*** Opening DATA FOR ANALYSIS ***

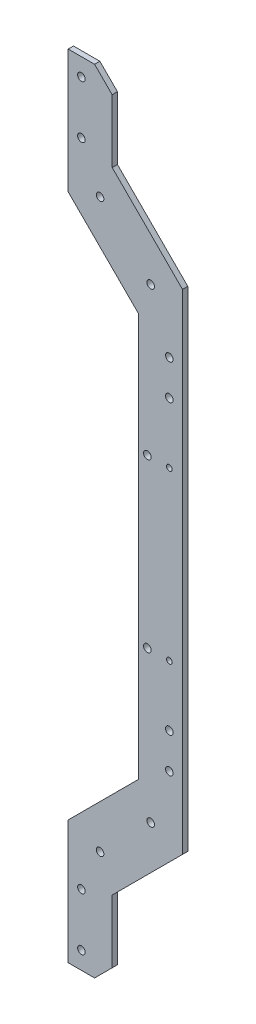
SolidWorks part; units mm, degrees
material "Thornel Mat VMA"
ref_plane "前视基准面" through (0, 0, 0) normal (0, 0, 1) x (1, 0, 0)
ref_plane "上视基准面" through (0, 0, 0) normal (0, 1, 0) x (1, 0, 0)
ref_plane "右视基准面" through (0, 0, 0) normal (1, 0, 0) x (0, 0, -1)
sketch "Sketch1" plane through (0, 0, 0) normal (0, 0, 1) x (1, 0, 0)
  line L3 (-322.7002, -118.7868) -> (-372.7002, -168.7868) construction
  line L4 (-307.7002, -125) -> (-307.7002, 125) construction
  line L7 (-357.7002, 279) -> (-357.7002, 175) construction
  line L8 (-372.7002, 294) -> (-372.7002, 168.7868) construction
  line L9 (-322.7002, 118.7868) -> (-372.7002, 168.7868) construction
  line L11 (-372.7002, -168.7868) -> (-372.7002, -225)
  line L13 (-332.7002, -128.7868) -> (-372.7002, -168.7868)
  line L14 (-307.7002, -125) -> (-307.7002, 125)
  line L18 (-372.7002, 225) -> (-372.7002, 168.7868)
  line L19 (-332.7002, 128.7868) -> (-372.7002, 168.7868)
  line L20 (-372.7002, 225) -> (-357.7002, 225)
  line L22 (-372.7002, -225) -> (-357.7002, -225)
  line L23 (-332.7002, 128.7868) -> (-332.7002, -128.7868)
  line L24 (-357.7002, 225) -> (-347.7002, 225)
  line L25 (-347.7002, 225) -> (-347.7002, 179.1421)
  line L26 (-347.7002, 179.1421) -> (-307.7002, 139.1421)
  line L27 (-307.7002, 139.1421) -> (-307.7002, 125)
  line L28 (-307.7002, 0) -> (-165.6245, 0) construction
  line L29 (-307.7002, -139.1421) -> (-307.7002, -125)
  line L30 (-347.7002, -179.1421) -> (-307.7002, -139.1421)
  line L31 (-347.7002, -225) -> (-347.7002, -179.1421)
  line L32 (-357.7002, -225) -> (-347.7002, -225)
  line L33 (-372.7002, -225) -> (-357.7002, -225)
  line L34 (-332.7002, -128.7868) -> (-372.7002, -168.7868)
  line L35 (-372.7002, -225) -> (-372.7002, -168.7868)
  dimension "D2" = 50
extrude "Boss-Extrude1" add sketch "Sketch1" along normal blind 3 contours L22 L32 L31 L30 L29 L14 L27 L26 L25 L24 L20 L18 L19 L23 L13 L11
sketch "Sketch2" plane through (0, 0, 3) normal (0, 0, 1) x (1, 0, 0)
  line L0 (-372.7002, 168.7868) -> (-372.7002, 154.6447)
  line L1 (-372.7002, 154.6447) -> (-332.7002, 114.6447)
  line L2 (-332.7002, 128.7868) -> (-332.7002, -128.7868) construction
  line L3 (-372.7002, -168.7868) -> (-372.7002, -154.6447)
  line L4 (-372.7002, -154.6447) -> (-332.7002, -114.6447)
  line L5 (-332.7002, -128.7868) -> (-372.7002, -168.7868) construction
  line L6 (-332.7002, 128.7868) -> (-372.7002, 168.7868) construction
  line L7 (-372.7002, 168.7868) -> (-332.7002, 128.7868)
  line L8 (-332.7002, 128.7868) -> (-332.7002, 114.6447)
  line L9 (-332.7002, -114.6447) -> (-332.7002, -128.7868)
  line L10 (-332.7002, -128.7868) -> (-372.7002, -168.7868)
  dimension "D1" = 10
  dimension "D2" = 10
extrude "Boss-Extrude2" add sketch "Sketch2" against normal up to vertex (3 mm away) up to point (-372.7002, 168.7868, 0)
chamfer "Chamfer1" distance 10 angle 45 2 edges at (-347.7002, -225, 1.5) (-347.7002, 225, 1.5)
sketch "Sketch3" plane through (0, 0, 3) normal (0, 0, 1) x (1, 0, 0)
  circle A0 centre (-327.7002, 47.5) radius 2.15
  circle A1 centre (-315.2002, 47.5) radius 1.6
  circle A2 centre (-327.7002, -47.5) radius 2.15
  circle A3 centre (-315.2002, -47.5) radius 1.6
extrude "Cut-Extrude1" cut sketch "Sketch3" against normal blind 10
sketch "Sketch4" plane through (0, 0, 0) normal (0, 0, -1) x (-1, 0, 0)
  line L0 (365.2002, 225) -> (365.2002, 171.8934) construction
  line L1 (372.7002, 225) -> (357.7002, 225) construction
  line L2 (365.2002, 171.8934) -> (315.2002, 121.8934) construction
  line L3 (315.2002, 121.8934) -> (315.2002, -21.7444) construction
  line L4 (372.7002, 154.6447) -> (332.7002, 114.6447) construction
  line L5 (307.7002, -139.1421) -> (307.7002, 139.1421) construction
  line L7 (332.7002, 0) -> (239.2264, 0) construction
  line L8 (332.7002, 114.6447) -> (332.7002, -114.6447) construction
  line L9 (315.2002, -121.8934) -> (315.2002, 21.7444) construction
  line L10 (365.2002, -171.8934) -> (315.2002, -121.8934) construction
  line L11 (365.2002, -225) -> (365.2002, -171.8934) construction
  circle A0 centre (365.2002, 215) radius 2.15
  circle A1 centre (365.2002, 185) radius 2.15
  circle A2 centre (354.5936, 161.2868) radius 2.15
  circle A3 centre (325.8068, 132.5) radius 2.15
  circle A4 centre (315.2002, 101.8934) radius 2.15
  circle A5 centre (315.2002, 81.8934) radius 2.15
  circle A6 centre (315.2002, -81.8934) radius 2.15
  circle A7 centre (315.2002, -101.8934) radius 2.15
  circle A8 centre (325.8068, -132.5) radius 2.15
  circle A9 centre (354.5936, -161.2868) radius 2.15
  circle A10 centre (365.2002, -185) radius 2.15
  circle A11 centre (365.2002, -215) radius 2.15
  dimension "D3" = 4.3
  dimension "D4" = 10
  dimension "D5" = 30
  dimension "D6" = 15
  dimension "D7" = 15
  dimension "D8" = 20
  dimension "D9" = 20
  dimension "D10" = 4.3
  dimension "D1" = 17.5
  dimension "D2" = 7.5
extrude "Cut-Extrude2" cut sketch "Sketch4" against normal blind 10

*** Closing DATA FOR ANALYSIS ***

▸ PROBLEM DETAILS: Send back the entries above exactly. Skip the images.

▸ YOUR RESPONSE:
SolidWorks part; units mm, degrees
material "Thornel Mat VMA"
ref_plane "前视基准面" through (0, 0, 0) normal (0, 0, 1) x (1, 0, 0)
ref_plane "上视基准面" through (0, 0, 0) normal (0, 1, 0) x (1, 0, 0)
ref_plane "右视基准面" through (0, 0, 0) normal (1, 0, 0) x (0, 0, -1)
sketch "Sketch1" plane through (0, 0, 0) normal (0, 0, 1) x (1, 0, 0)
  line L3 (-322.7002, -118.7868) -> (-372.7002, -168.7868) construction
  line L4 (-307.7002, -125) -> (-307.7002, 125) construction
  line L7 (-357.7002, 279) -> (-357.7002, 175) construction
  line L8 (-372.7002, 294) -> (-372.7002, 168.7868) construction
  line L9 (-322.7002, 118.7868) -> (-372.7002, 168.7868) construction
  line L11 (-372.7002, -168.7868) -> (-372.7002, -225)
  line L13 (-332.7002, -128.7868) -> (-372.7002, -168.7868)
  line L14 (-307.7002, -125) -> (-307.7002, 125)
  line L18 (-372.7002, 225) -> (-372.7002, 168.7868)
  line L19 (-332.7002, 128.7868) -> (-372.7002, 168.7868)
  line L20 (-372.7002, 225) -> (-357.7002, 225)
  line L22 (-372.7002, -225) -> (-357.7002, -225)
  line L23 (-332.7002, 128.7868) -> (-332.7002, -128.7868)
  line L24 (-357.7002, 225) -> (-347.7002, 225)
  line L25 (-347.7002, 225) -> (-347.7002, 179.1421)
  line L26 (-347.7002, 179.1421) -> (-307.7002, 139.1421)
  line L27 (-307.7002, 139.1421) -> (-307.7002, 125)
  line L28 (-307.7002, 0) -> (-165.6245, 0) construction
  line L29 (-307.7002, -139.1421) -> (-307.7002, -125)
  line L30 (-347.7002, -179.1421) -> (-307.7002, -139.1421)
  line L31 (-347.7002, -225) -> (-347.7002, -179.1421)
  line L32 (-357.7002, -225) -> (-347.7002, -225)
  line L33 (-372.7002, -225) -> (-357.7002, -225)
  line L34 (-332.7002, -128.7868) -> (-372.7002, -168.7868)
  line L35 (-372.7002, -225) -> (-372.7002, -168.7868)
  dimension "D2" = 50
extrude "Boss-Extrude1" add sketch "Sketch1" along normal blind 3 contours L22 L32 L31 L30 L29 L14 L27 L26 L25 L24 L20 L18 L19 L23 L13 L11
sketch "Sketch2" plane through (0, 0, 3) normal (0, 0, 1) x (1, 0, 0)
  line L0 (-372.7002, 168.7868) -> (-372.7002, 154.6447)
  line L1 (-372.7002, 154.6447) -> (-332.7002, 114.6447)
  line L2 (-332.7002, 128.7868) -> (-332.7002, -128.7868) construction
  line L3 (-372.7002, -168.7868) -> (-372.7002, -154.6447)
  line L4 (-372.7002, -154.6447) -> (-332.7002, -114.6447)
  line L5 (-332.7002, -128.7868) -> (-372.7002, -168.7868) construction
  line L6 (-332.7002, 128.7868) -> (-372.7002, 168.7868) construction
  line L7 (-372.7002, 168.7868) -> (-332.7002, 128.7868)
  line L8 (-332.7002, 128.7868) -> (-332.7002, 114.6447)
  line L9 (-332.7002, -114.6447) -> (-332.7002, -128.7868)
  line L10 (-332.7002, -128.7868) -> (-372.7002, -168.7868)
  dimension "D1" = 10
  dimension "D2" = 10
extrude "Boss-Extrude2" add sketch "Sketch2" against normal up to vertex (3 mm away) up to point (-372.7002, 168.7868, 0)
chamfer "Chamfer1" distance 10 angle 45 2 edges at (-347.7002, -225, 1.5) (-347.7002, 225, 1.5)
sketch "Sketch3" plane through (0, 0, 3) normal (0, 0, 1) x (1, 0, 0)
  circle A0 centre (-327.7002, 47.5) radius 2.15
  circle A1 centre (-315.2002, 47.5) radius 1.6
  circle A2 centre (-327.7002, -47.5) radius 2.15
  circle A3 centre (-315.2002, -47.5) radius 1.6
extrude "Cut-Extrude1" cut sketch "Sketch3" against normal blind 10
sketch "Sketch4" plane through (0, 0, 0) normal (0, 0, -1) x (-1, 0, 0)
  line L0 (365.2002, 225) -> (365.2002, 171.8934) construction
  line L1 (372.7002, 225) -> (357.7002, 225) construction
  line L2 (365.2002, 171.8934) -> (315.2002, 121.8934) construction
  line L3 (315.2002, 121.8934) -> (315.2002, -21.7444) construction
  line L4 (372.7002, 154.6447) -> (332.7002, 114.6447) construction
  line L5 (307.7002, -139.1421) -> (307.7002, 139.1421) construction
  line L7 (332.7002, 0) -> (239.2264, 0) construction
  line L8 (332.7002, 114.6447) -> (332.7002, -114.6447) construction
  line L9 (315.2002, -121.8934) -> (315.2002, 21.7444) construction
  line L10 (365.2002, -171.8934) -> (315.2002, -121.8934) construction
  line L11 (365.2002, -225) -> (365.2002, -171.8934) construction
  circle A0 centre (365.2002, 215) radius 2.15
  circle A1 centre (365.2002, 185) radius 2.15
  circle A2 centre (354.5936, 161.2868) radius 2.15
  circle A3 centre (325.8068, 132.5) radius 2.15
  circle A4 centre (315.2002, 101.8934) radius 2.15
  circle A5 centre (315.2002, 81.8934) radius 2.15
  circle A6 centre (315.2002, -81.8934) radius 2.15
  circle A7 centre (315.2002, -101.8934) radius 2.15
  circle A8 centre (325.8068, -132.5) radius 2.15
  circle A9 centre (354.5936, -161.2868) radius 2.15
  circle A10 centre (365.2002, -185) radius 2.15
  circle A11 centre (365.2002, -215) radius 2.15
  dimension "D3" = 4.3
  dimension "D4" = 10
  dimension "D5" = 30
  dimension "D6" = 15
  dimension "D7" = 15
  dimension "D8" = 20
  dimension "D9" = 20
  dimension "D10" = 4.3
  dimension "D1" = 17.5
  dimension "D2" = 7.5
extrude "Cut-Extrude2" cut sketch "Sketch4" against normal blind 10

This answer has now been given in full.